> What to produce: Reproduce the listing below exactly, beginning with its first line and ending with the line that holds "#35=VECTOR('',#34,1.);"; pictures are not part of the copy.

•••

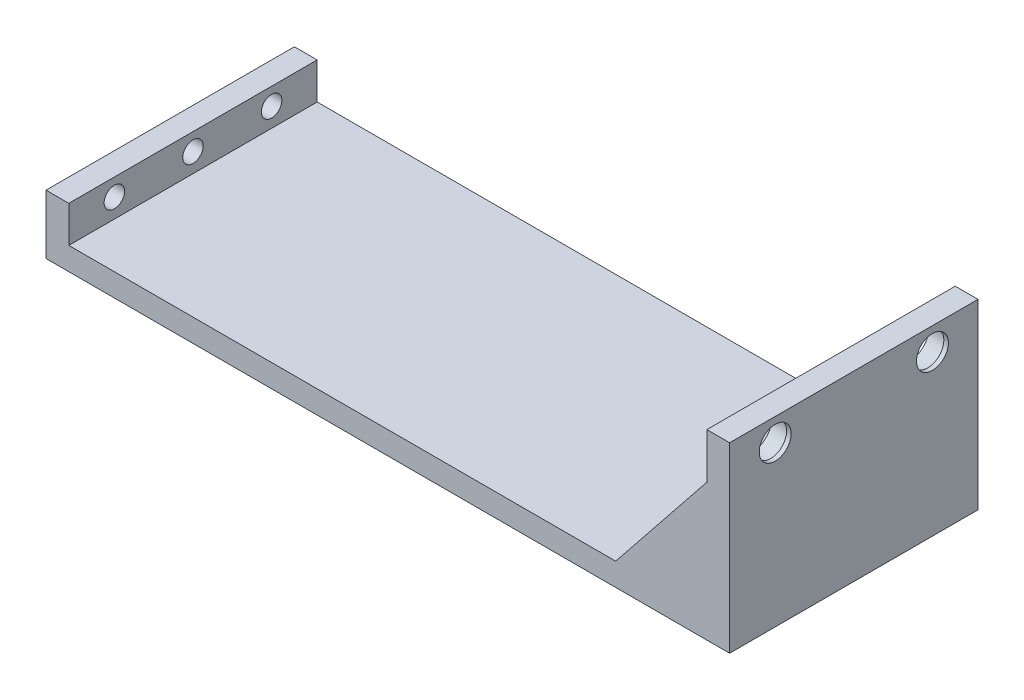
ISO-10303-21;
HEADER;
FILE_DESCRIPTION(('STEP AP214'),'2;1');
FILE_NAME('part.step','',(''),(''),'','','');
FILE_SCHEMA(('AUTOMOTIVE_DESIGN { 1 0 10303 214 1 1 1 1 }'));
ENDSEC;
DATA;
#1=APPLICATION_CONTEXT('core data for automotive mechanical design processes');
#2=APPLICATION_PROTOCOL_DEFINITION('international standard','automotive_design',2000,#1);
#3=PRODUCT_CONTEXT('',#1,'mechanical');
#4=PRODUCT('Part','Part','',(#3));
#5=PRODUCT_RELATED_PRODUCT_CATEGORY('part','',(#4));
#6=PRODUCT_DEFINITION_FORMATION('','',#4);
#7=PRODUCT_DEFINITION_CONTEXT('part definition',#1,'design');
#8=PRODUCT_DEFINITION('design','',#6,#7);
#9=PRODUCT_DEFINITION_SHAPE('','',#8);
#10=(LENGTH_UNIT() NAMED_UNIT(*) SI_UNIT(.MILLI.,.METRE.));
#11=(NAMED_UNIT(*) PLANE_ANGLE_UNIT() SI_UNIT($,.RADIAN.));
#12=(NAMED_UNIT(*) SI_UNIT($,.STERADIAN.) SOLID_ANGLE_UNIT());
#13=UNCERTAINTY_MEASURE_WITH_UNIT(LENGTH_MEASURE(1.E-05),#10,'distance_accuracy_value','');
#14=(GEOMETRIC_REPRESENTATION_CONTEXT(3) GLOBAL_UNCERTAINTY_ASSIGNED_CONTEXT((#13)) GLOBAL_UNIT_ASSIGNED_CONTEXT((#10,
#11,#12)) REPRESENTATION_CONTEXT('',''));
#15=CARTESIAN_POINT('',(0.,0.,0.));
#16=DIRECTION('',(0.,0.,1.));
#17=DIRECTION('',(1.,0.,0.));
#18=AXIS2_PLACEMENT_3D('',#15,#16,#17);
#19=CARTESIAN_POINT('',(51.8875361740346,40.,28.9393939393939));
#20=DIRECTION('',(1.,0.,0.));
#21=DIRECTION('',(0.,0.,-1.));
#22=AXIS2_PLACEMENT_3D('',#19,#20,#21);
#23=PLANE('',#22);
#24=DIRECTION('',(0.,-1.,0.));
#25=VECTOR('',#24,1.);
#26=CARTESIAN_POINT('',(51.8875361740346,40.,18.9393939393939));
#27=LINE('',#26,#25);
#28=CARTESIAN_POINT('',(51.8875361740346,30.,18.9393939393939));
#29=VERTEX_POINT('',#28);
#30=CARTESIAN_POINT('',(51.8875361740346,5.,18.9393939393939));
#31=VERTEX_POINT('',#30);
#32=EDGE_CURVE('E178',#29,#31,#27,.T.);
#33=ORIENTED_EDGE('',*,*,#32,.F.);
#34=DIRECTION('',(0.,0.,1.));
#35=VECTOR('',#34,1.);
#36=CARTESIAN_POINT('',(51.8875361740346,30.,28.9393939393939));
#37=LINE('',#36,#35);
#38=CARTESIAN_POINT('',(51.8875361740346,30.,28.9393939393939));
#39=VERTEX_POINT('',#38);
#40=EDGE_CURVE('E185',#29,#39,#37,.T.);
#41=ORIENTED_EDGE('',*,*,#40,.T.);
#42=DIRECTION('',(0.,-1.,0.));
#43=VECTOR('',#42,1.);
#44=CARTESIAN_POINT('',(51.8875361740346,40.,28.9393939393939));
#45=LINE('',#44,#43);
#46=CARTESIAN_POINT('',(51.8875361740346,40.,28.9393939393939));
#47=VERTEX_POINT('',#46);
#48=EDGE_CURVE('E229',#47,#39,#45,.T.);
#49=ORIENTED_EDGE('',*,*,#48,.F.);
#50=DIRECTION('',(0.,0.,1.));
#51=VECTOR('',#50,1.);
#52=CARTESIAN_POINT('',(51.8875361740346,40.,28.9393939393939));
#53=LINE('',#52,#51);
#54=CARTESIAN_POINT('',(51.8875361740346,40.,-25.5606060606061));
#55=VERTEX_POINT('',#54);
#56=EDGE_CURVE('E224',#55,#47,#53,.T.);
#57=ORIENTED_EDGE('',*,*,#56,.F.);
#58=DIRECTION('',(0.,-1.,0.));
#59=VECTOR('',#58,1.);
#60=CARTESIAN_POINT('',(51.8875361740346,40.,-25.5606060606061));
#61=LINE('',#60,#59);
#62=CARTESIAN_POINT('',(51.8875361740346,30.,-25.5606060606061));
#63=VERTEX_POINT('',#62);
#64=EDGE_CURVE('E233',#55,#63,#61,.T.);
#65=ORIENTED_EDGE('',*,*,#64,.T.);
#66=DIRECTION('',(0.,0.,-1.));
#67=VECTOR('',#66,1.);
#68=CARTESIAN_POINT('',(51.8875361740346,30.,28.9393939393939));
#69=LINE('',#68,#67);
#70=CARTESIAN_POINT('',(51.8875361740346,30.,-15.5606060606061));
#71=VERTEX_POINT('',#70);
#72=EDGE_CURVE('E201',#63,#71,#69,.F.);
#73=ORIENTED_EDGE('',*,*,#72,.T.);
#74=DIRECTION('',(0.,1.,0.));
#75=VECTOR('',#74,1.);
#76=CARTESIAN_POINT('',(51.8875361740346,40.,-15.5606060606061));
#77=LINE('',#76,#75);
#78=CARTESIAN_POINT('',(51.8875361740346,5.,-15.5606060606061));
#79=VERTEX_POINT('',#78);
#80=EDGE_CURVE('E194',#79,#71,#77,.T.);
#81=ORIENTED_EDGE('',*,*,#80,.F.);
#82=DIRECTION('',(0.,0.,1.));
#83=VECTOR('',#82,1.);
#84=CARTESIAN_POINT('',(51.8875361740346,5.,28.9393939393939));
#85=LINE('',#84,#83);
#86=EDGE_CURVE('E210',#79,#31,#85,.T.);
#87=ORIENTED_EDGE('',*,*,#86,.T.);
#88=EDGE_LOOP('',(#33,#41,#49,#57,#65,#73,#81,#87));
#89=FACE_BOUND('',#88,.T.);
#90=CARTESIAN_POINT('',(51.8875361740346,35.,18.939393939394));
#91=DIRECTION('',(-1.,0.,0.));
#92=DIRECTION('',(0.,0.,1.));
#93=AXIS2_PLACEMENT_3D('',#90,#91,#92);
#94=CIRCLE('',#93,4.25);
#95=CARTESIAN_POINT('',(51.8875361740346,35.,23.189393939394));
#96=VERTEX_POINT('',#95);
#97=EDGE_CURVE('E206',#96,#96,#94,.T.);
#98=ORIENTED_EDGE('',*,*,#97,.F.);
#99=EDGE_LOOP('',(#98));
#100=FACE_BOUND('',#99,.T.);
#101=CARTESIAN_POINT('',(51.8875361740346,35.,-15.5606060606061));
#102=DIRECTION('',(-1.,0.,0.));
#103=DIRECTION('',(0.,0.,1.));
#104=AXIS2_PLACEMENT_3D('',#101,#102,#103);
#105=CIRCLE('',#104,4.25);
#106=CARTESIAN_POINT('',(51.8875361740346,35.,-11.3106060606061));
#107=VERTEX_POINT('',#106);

•••

> Answer box:
ISO-10303-21;
HEADER;
FILE_DESCRIPTION(('STEP AP214'),'2;1');
FILE_NAME('part.step','',(''),(''),'','','');
FILE_SCHEMA(('AUTOMOTIVE_DESIGN { 1 0 10303 214 1 1 1 1 }'));
ENDSEC;
DATA;
#1=APPLICATION_CONTEXT('core data for automotive mechanical design processes');
#2=APPLICATION_PROTOCOL_DEFINITION('international standard','automotive_design',2000,#1);
#3=PRODUCT_CONTEXT('',#1,'mechanical');
#4=PRODUCT('Part','Part','',(#3));
#5=PRODUCT_RELATED_PRODUCT_CATEGORY('part','',(#4));
#6=PRODUCT_DEFINITION_FORMATION('','',#4);
#7=PRODUCT_DEFINITION_CONTEXT('part definition',#1,'design');
#8=PRODUCT_DEFINITION('design','',#6,#7);
#9=PRODUCT_DEFINITION_SHAPE('','',#8);
#10=(LENGTH_UNIT() NAMED_UNIT(*) SI_UNIT(.MILLI.,.METRE.));
#11=(NAMED_UNIT(*) PLANE_ANGLE_UNIT() SI_UNIT($,.RADIAN.));
#12=(NAMED_UNIT(*) SI_UNIT($,.STERADIAN.) SOLID_ANGLE_UNIT());
#13=UNCERTAINTY_MEASURE_WITH_UNIT(LENGTH_MEASURE(1.E-05),#10,'distance_accuracy_value','');
#14=(GEOMETRIC_REPRESENTATION_CONTEXT(3) GLOBAL_UNCERTAINTY_ASSIGNED_CONTEXT((#13)) GLOBAL_UNIT_ASSIGNED_CONTEXT((#10,
#11,#12)) REPRESENTATION_CONTEXT('',''));
#15=CARTESIAN_POINT('',(0.,0.,0.));
#16=DIRECTION('',(0.,0.,1.));
#17=DIRECTION('',(1.,0.,0.));
#18=AXIS2_PLACEMENT_3D('',#15,#16,#17);
#19=CARTESIAN_POINT('',(51.8875361740346,40.,28.9393939393939));
#20=DIRECTION('',(1.,0.,0.));
#21=DIRECTION('',(0.,0.,-1.));
#22=AXIS2_PLACEMENT_3D('',#19,#20,#21);
#23=PLANE('',#22);
#24=DIRECTION('',(0.,-1.,0.));
#25=VECTOR('',#24,1.);
#26=CARTESIAN_POINT('',(51.8875361740346,40.,18.9393939393939));
#27=LINE('',#26,#25);
#28=CARTESIAN_POINT('',(51.8875361740346,30.,18.9393939393939));
#29=VERTEX_POINT('',#28);
#30=CARTESIAN_POINT('',(51.8875361740346,5.,18.9393939393939));
#31=VERTEX_POINT('',#30);
#32=EDGE_CURVE('E178',#29,#31,#27,.T.);
#33=ORIENTED_EDGE('',*,*,#32,.F.);
#34=DIRECTION('',(0.,0.,1.));
#35=VECTOR('',#34,1.);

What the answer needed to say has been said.